As regards contractual mediation, Article 1533 CPC sets out quite similar requirements (applicable to the mediator if he or she is an individual or, where the mediator is a legal entity, its representative):

(i) the mediator must not have been the subject of a criminal sentence, incapacity or forfeiture;

(ii) the mediator must have, by virtue of his or her actual or past occupation, qualifications with respect to the subject matter of the dispute or have appropriate training or experience for the practice of mediation.

Since Law No 2016-1547 of 18 November 2016 (supplemented by Decree No 2017-1457 of 9 October 2017), a list of mediators is established by each Court of Appeal, “for the judges’ information”. A mediator may be registered on this list if he/she complies with the conditions (i), (ii) and (iv) enumerated above.

Similarly, after having been sworn in before the Court of Appeal, judicial conciliators are registered on a list established by each Court of Appeal (pursuant to Decree No 2018-931 of 29 October 2018).

In addition, several private institutions provide mediation training and set qualification requirements for mediators (CMAP is an example of such an institution), but there is no general regulatory body.

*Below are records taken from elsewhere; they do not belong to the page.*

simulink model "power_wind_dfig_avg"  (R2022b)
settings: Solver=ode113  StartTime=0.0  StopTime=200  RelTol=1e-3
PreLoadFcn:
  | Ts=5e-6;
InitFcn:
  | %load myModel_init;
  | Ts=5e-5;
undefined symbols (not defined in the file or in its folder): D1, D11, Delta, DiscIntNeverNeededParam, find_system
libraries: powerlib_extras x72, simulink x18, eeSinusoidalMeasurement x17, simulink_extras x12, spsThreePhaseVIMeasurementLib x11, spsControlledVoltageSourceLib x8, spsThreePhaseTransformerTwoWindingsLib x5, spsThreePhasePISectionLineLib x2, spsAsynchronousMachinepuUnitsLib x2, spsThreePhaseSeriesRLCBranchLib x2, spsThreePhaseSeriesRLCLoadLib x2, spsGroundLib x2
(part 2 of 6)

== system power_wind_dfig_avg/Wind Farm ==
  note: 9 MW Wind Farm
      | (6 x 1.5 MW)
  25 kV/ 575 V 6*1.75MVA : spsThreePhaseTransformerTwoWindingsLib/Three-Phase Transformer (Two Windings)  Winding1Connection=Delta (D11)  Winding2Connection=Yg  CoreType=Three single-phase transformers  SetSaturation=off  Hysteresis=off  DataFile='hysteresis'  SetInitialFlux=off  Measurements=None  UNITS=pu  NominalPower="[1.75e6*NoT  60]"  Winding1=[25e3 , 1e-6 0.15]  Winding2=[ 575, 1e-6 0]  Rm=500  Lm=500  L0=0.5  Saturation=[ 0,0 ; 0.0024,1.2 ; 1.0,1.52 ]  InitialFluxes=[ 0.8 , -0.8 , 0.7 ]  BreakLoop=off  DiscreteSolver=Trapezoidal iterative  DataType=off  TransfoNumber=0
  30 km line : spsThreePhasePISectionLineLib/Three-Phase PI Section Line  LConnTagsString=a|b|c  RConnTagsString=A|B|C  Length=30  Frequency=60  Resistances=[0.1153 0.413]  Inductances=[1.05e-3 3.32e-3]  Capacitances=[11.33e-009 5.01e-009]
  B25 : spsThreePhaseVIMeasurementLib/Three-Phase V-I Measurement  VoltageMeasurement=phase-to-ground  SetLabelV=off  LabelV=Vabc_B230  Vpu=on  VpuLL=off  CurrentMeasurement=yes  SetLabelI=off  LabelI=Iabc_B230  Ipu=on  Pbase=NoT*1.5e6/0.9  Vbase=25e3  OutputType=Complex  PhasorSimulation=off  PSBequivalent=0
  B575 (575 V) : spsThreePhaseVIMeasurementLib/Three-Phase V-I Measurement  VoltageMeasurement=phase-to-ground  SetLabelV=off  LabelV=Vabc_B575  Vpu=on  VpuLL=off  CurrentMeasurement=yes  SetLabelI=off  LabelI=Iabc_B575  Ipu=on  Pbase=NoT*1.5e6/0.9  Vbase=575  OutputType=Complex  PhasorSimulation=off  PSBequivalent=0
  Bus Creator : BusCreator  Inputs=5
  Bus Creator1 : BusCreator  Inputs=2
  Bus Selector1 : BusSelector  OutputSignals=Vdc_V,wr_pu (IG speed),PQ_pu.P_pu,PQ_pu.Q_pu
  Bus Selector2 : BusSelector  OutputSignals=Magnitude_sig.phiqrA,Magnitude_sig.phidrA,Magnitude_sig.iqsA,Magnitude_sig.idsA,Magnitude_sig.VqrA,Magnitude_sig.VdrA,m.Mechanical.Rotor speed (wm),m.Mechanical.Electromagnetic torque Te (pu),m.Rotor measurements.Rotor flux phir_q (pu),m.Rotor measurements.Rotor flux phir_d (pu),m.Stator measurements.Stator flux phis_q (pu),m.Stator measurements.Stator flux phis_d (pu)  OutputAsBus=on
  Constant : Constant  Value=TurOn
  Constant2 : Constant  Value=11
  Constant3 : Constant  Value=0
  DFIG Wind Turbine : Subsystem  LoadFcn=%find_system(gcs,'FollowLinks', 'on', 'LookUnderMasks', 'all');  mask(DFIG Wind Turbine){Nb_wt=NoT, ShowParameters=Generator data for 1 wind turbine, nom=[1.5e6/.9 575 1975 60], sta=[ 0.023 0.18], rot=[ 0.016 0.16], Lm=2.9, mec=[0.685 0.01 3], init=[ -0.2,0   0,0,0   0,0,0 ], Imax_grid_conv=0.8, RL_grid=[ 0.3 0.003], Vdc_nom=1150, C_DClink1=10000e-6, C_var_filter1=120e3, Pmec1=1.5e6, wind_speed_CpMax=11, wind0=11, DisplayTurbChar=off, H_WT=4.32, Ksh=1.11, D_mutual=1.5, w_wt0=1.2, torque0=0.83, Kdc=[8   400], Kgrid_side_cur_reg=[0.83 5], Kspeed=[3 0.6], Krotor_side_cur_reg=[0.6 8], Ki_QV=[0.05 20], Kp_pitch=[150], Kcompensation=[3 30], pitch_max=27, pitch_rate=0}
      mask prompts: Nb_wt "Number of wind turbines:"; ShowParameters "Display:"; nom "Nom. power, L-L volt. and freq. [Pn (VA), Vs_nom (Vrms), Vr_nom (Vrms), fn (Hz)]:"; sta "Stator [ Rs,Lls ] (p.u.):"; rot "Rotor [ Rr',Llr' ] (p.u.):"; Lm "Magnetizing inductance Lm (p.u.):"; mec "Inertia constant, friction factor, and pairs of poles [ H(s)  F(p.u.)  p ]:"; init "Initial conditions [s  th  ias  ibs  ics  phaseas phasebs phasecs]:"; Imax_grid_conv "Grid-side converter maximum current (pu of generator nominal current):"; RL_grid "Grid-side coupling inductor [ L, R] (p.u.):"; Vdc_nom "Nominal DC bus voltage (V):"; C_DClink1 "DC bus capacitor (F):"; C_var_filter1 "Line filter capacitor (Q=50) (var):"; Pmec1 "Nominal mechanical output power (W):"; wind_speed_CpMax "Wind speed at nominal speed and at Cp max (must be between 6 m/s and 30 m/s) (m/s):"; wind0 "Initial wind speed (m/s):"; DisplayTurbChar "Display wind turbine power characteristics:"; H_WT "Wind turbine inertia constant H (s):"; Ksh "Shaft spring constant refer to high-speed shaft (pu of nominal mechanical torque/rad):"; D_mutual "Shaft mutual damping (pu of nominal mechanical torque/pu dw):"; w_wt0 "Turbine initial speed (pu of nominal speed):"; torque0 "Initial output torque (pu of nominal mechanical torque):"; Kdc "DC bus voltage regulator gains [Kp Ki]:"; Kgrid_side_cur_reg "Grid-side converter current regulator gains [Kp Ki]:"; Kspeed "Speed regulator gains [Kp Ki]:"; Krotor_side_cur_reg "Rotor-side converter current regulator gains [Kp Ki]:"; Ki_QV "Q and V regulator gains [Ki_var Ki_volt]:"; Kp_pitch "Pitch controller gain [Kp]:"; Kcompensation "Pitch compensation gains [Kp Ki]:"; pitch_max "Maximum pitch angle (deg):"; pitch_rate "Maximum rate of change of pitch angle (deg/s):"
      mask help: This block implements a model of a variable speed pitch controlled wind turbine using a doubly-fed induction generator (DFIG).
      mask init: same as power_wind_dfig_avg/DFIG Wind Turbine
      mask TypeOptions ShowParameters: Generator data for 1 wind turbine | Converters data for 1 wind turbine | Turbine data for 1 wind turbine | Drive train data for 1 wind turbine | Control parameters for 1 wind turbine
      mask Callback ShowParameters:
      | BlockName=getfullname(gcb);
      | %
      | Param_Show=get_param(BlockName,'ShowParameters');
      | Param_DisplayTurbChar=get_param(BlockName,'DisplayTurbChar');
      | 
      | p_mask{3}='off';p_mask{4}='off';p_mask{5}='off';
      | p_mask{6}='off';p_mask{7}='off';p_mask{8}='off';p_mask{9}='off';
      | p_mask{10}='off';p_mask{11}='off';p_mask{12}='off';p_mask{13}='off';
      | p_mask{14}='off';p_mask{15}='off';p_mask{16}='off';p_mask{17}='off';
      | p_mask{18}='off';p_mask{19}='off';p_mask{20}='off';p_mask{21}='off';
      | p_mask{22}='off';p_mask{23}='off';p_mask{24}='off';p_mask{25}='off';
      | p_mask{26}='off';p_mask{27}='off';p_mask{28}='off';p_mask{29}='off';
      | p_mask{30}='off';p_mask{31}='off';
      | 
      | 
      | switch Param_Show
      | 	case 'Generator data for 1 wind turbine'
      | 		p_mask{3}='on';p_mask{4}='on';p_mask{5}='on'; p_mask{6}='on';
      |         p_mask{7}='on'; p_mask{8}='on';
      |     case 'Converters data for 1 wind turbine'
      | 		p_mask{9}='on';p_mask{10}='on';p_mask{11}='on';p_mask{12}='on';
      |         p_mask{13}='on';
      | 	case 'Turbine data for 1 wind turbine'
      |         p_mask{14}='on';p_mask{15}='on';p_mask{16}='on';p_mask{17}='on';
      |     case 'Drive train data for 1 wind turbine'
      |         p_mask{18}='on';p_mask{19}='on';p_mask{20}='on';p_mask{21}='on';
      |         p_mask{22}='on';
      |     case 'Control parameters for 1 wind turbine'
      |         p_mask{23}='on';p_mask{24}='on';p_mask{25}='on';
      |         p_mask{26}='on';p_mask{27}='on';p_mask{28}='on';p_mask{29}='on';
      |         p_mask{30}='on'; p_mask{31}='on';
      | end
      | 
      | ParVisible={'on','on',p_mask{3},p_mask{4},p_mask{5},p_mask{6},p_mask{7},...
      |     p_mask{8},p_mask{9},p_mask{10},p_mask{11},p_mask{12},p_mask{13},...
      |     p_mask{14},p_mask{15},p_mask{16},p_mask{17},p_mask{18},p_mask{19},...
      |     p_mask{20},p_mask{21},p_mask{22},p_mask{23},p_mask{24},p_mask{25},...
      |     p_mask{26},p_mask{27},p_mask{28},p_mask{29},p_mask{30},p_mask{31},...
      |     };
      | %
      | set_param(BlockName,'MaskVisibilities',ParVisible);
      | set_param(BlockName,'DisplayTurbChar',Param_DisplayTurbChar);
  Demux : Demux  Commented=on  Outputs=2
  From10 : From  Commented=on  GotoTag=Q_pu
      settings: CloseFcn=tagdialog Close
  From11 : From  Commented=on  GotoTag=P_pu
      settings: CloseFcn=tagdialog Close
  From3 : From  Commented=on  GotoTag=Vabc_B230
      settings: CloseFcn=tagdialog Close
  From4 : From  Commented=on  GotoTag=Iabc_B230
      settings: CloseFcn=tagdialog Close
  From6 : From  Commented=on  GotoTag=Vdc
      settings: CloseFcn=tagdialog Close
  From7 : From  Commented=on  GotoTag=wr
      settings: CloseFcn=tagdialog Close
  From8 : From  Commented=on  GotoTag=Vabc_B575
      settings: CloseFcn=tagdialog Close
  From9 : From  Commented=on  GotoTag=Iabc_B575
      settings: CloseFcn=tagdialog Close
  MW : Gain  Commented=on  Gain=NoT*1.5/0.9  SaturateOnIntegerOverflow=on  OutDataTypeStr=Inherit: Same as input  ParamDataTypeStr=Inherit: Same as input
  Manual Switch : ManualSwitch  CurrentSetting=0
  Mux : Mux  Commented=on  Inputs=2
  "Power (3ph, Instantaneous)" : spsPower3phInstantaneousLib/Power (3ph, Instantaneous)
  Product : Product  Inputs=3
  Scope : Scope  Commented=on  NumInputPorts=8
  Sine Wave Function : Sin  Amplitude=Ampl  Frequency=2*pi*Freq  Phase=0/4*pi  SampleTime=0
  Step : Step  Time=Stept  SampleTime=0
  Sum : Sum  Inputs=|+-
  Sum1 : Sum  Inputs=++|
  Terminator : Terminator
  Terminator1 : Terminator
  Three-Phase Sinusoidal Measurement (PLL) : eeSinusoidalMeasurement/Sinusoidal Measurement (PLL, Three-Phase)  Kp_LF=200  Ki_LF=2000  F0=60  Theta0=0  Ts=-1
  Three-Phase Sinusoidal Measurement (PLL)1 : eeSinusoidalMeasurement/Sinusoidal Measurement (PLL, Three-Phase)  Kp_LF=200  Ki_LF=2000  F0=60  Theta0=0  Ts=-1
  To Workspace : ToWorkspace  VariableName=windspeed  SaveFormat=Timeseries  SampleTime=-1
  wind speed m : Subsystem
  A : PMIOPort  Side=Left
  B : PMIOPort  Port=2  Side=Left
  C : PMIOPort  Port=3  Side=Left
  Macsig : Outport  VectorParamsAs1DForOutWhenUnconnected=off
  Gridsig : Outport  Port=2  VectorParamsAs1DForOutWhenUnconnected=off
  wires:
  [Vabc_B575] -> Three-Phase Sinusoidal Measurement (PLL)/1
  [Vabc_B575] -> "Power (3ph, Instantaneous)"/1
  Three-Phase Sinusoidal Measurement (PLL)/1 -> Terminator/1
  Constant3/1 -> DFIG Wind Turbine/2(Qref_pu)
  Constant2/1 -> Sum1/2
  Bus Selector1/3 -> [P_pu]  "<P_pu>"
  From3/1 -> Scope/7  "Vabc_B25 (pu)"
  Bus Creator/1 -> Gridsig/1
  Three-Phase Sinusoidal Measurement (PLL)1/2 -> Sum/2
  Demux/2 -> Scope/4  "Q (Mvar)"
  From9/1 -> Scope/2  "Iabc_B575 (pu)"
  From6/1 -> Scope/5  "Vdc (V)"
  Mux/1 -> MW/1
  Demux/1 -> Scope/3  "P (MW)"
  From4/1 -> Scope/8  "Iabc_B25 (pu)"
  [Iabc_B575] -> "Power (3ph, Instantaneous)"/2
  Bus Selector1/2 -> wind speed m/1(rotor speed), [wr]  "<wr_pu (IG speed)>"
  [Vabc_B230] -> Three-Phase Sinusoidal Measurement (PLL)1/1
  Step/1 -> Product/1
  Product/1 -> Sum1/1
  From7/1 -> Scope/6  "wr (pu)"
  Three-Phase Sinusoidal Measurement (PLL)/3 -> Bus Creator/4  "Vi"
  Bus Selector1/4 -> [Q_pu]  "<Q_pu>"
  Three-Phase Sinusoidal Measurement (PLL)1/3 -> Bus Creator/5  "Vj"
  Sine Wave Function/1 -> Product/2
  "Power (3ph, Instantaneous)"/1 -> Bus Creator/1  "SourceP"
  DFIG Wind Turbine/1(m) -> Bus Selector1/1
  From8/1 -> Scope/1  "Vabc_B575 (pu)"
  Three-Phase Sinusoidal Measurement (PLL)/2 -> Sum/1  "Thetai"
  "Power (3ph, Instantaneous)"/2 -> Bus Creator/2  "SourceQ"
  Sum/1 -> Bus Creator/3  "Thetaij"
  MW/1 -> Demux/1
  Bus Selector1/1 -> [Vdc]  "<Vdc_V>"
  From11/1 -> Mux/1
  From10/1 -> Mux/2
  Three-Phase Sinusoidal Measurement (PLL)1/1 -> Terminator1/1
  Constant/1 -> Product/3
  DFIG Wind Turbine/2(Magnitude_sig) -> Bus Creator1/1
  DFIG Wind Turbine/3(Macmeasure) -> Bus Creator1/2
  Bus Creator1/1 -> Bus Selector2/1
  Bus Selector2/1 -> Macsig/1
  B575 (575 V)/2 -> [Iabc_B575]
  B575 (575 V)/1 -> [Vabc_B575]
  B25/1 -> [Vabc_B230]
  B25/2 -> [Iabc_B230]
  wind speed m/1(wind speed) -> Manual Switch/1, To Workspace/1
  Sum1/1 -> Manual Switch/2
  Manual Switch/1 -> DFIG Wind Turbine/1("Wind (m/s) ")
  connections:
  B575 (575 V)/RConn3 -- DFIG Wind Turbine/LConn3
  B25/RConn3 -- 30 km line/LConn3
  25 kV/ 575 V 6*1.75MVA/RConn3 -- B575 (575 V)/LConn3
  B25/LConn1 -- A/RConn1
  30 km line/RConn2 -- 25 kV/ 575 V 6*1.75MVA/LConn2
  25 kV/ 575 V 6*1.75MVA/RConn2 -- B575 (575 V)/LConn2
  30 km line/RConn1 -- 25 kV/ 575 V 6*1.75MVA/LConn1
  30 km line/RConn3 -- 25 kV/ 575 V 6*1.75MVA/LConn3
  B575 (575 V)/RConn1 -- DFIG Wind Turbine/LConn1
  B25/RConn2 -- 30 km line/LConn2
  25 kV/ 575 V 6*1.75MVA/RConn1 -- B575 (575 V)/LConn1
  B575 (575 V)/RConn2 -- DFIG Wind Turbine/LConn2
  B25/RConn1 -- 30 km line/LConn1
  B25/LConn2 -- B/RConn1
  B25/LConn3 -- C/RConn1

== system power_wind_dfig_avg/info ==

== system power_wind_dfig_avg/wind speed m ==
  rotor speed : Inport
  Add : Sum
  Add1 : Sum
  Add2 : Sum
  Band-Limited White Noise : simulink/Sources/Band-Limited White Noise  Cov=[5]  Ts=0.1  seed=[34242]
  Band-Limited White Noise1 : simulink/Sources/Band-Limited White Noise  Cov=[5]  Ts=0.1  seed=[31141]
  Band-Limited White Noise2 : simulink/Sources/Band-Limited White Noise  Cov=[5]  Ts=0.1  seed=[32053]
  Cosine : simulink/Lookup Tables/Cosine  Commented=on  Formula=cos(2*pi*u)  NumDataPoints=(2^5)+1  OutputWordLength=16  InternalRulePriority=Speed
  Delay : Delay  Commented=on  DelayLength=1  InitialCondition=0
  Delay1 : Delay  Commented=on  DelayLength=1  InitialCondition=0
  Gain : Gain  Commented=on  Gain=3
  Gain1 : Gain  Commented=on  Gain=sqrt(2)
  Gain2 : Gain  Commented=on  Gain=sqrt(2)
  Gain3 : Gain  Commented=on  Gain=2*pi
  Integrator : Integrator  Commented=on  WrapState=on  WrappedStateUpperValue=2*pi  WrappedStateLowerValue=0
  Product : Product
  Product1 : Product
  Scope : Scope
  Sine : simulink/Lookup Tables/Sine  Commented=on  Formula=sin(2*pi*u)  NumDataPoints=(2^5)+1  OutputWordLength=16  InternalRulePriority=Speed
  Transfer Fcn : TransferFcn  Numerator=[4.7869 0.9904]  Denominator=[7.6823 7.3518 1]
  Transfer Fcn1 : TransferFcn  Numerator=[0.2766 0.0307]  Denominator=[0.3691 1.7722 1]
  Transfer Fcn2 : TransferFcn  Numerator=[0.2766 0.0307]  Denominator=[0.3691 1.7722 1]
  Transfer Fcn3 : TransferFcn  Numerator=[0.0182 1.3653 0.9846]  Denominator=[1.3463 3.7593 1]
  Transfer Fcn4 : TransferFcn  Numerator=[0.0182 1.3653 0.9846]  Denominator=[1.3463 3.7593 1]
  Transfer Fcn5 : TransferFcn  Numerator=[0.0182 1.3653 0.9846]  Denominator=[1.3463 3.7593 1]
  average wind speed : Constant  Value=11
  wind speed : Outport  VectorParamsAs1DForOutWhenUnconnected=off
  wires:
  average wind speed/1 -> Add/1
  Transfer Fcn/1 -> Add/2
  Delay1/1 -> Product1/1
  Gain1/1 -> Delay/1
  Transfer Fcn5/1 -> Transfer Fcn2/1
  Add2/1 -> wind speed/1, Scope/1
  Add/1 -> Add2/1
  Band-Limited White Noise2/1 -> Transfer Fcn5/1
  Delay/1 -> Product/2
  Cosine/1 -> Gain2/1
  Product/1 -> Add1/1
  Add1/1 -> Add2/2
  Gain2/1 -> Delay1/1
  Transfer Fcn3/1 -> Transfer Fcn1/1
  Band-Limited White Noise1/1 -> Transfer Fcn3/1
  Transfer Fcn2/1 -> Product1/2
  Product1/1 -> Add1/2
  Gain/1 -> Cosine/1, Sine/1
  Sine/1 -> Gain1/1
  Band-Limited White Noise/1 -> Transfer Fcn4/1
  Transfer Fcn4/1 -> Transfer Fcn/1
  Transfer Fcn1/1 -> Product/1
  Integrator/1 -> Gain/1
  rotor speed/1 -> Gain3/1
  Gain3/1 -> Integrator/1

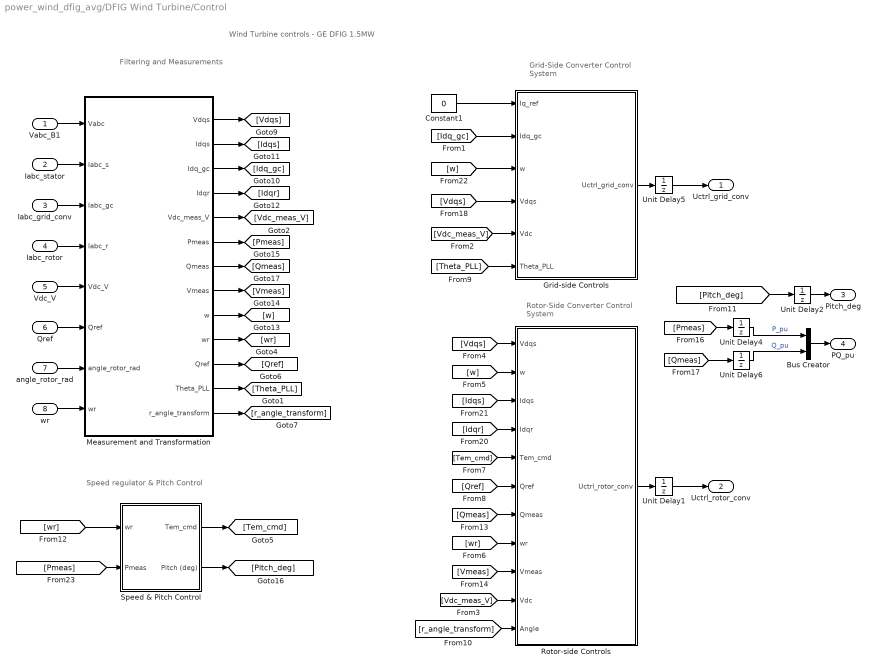
== system power_wind_dfig_avg/DFIG Wind Turbine/Control ==
  note: Speed regulator & Pitch Control
  note: Grid-Side Converter
      | Control System
  note: Rotor-Side Converter
      | Control System
  note: Filtering and
      | Measurements
  note: Wind Turbine controls - GE DFIG 1.5MW
  Vabc_B1 : Inport
  Iabc_stator : Inport  Port=2
  Iabc_grid_conv : Inport  Port=3
  Iabc_rotor : Inport  Port=4
  Vdc_V : Inport  Port=5
  Qref : Inport  Port=6
  angle_rotor_rad : Inport  Port=7
  wr : Inport  Port=8
  Bus Creator : BusCreator  Inputs=2
  Constant1 : Constant  Value=0
  Grid-side Controls : Subsystem
  Measurement and Transformation : Subsystem
  Rotor-side Controls : Subsystem
  Speed & Pitch Control : Subsystem
  Unit Delay{1..2,4..6} (5 alike) : UnitDelay  SampleTime=Ts  HasFrameUpgradeWarning=on
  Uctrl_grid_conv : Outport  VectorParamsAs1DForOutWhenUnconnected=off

Finally, in the case of consumer mediation, a Commission to evaluate and monitor the mediation of consumer disputes has been created (Commission d’évaluation et de contrôle de la médiation de la consummation, provided for in Ordonnance n° 2015-1033 of 20 August 2015, now Article L. 615-1 of the Consumer Code). The mandate of this Commission includes the establishment and updating of a list of mediators that meet certain statutory requirements (contained in Article L. 613-1 to L. 613-3 of the Consumer Code), the notification of the names of mediators on the list to the European Commission, as well as to evaluate the activities of consumer dispute mediators and ensure that these activities are conducted properly.